Task details:
Filter the entries down to the lines holding "import", then copy those lines.

Records to use:
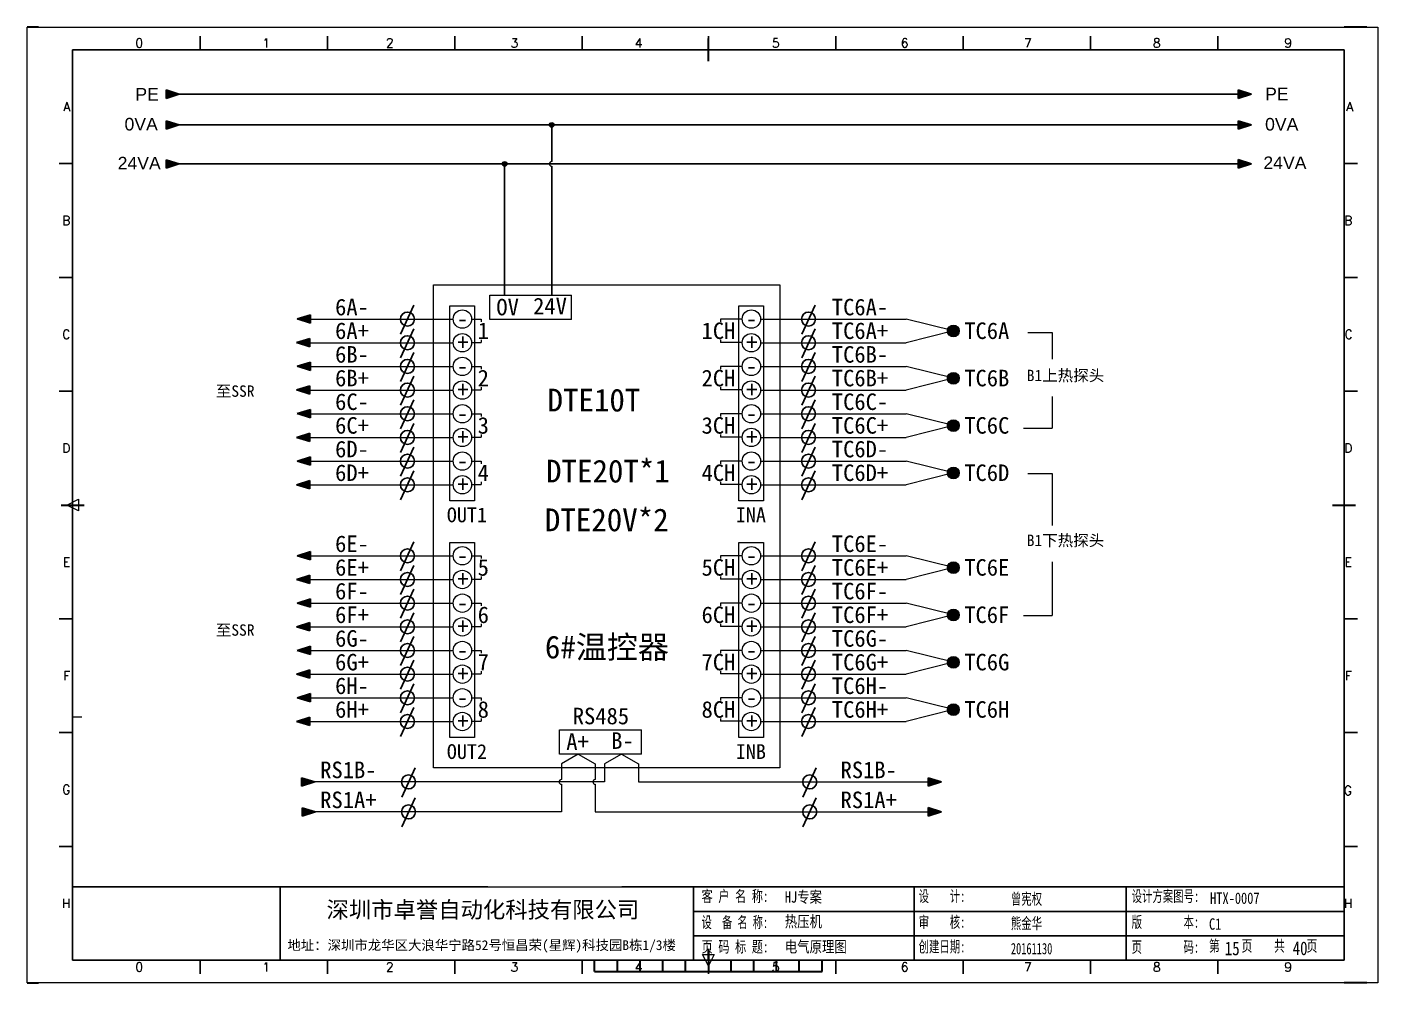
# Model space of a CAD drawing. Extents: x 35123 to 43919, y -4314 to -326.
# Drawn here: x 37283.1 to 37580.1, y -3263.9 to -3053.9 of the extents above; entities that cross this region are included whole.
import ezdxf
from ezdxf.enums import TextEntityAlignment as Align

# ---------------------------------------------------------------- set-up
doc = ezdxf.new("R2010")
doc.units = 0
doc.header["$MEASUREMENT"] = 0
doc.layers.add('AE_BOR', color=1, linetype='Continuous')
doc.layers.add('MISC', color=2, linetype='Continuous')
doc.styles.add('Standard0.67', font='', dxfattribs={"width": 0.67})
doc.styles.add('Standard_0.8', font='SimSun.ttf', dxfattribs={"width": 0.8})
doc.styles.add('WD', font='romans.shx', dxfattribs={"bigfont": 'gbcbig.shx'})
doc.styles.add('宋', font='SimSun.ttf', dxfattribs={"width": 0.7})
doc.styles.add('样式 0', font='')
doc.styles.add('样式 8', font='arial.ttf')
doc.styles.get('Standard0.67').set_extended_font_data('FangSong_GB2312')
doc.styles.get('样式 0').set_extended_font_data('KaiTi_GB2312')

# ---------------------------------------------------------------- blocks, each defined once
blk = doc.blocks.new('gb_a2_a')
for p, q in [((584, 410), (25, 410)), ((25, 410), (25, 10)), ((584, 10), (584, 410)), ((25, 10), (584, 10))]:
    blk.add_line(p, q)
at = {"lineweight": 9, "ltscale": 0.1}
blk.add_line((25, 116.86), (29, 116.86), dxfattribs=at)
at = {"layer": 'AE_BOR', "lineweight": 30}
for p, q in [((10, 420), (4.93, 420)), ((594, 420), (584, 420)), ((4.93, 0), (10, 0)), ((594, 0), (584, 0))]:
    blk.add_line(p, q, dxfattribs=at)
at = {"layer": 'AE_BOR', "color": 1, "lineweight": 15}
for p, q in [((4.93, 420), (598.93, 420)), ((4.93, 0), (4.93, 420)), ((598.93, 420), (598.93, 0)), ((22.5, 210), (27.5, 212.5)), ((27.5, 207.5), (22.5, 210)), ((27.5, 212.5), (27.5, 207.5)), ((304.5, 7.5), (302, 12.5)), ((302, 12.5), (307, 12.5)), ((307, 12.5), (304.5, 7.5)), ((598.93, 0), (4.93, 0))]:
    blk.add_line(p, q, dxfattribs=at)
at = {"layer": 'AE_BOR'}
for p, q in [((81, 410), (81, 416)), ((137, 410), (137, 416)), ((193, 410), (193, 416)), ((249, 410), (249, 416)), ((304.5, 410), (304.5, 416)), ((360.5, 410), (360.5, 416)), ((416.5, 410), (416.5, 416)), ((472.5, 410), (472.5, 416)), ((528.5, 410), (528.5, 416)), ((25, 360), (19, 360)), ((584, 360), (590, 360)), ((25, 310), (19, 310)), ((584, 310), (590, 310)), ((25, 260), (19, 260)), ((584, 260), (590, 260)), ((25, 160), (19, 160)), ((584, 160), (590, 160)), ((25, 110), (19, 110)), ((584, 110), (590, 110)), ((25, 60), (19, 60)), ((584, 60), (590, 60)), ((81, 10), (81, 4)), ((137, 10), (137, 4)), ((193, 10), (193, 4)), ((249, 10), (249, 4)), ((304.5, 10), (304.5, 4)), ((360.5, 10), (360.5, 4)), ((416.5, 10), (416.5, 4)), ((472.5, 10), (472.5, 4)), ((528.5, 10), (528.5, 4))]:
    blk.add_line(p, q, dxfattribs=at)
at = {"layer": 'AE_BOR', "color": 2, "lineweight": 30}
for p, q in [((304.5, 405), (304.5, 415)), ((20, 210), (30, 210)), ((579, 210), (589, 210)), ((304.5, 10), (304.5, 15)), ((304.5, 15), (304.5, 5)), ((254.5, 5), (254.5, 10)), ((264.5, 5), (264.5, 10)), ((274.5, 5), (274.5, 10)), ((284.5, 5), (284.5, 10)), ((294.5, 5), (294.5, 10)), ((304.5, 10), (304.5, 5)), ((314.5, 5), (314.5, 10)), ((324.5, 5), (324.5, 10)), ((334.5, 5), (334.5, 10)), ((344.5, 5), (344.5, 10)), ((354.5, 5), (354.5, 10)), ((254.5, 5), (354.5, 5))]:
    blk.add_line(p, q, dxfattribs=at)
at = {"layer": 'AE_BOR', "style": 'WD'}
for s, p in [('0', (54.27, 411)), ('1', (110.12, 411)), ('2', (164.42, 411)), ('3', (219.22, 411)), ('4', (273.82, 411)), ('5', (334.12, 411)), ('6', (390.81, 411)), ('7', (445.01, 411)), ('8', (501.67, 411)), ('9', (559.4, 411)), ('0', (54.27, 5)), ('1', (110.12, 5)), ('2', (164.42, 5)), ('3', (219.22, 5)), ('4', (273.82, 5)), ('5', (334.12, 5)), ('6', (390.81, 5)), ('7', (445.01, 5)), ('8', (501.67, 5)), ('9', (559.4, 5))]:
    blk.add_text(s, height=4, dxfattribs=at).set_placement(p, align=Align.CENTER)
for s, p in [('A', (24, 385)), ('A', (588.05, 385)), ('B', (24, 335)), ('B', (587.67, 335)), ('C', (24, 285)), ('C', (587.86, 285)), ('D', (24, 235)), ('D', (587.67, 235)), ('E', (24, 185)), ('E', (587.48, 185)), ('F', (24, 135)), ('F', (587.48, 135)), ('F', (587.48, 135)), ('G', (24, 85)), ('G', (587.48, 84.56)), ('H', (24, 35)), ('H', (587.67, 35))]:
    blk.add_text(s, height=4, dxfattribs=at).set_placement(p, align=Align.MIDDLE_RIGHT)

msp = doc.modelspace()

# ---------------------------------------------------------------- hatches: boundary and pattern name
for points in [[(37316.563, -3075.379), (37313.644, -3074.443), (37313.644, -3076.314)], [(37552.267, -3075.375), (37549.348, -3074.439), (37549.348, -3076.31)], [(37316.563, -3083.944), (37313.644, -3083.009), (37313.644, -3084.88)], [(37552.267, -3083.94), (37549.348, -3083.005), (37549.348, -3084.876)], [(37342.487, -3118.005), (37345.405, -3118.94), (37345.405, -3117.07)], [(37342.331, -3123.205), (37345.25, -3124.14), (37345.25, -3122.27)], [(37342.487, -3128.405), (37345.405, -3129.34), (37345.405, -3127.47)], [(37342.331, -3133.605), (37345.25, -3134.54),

Exercise answer:
import ezdxf
from ezdxf.enums import TextEntityAlignment as Align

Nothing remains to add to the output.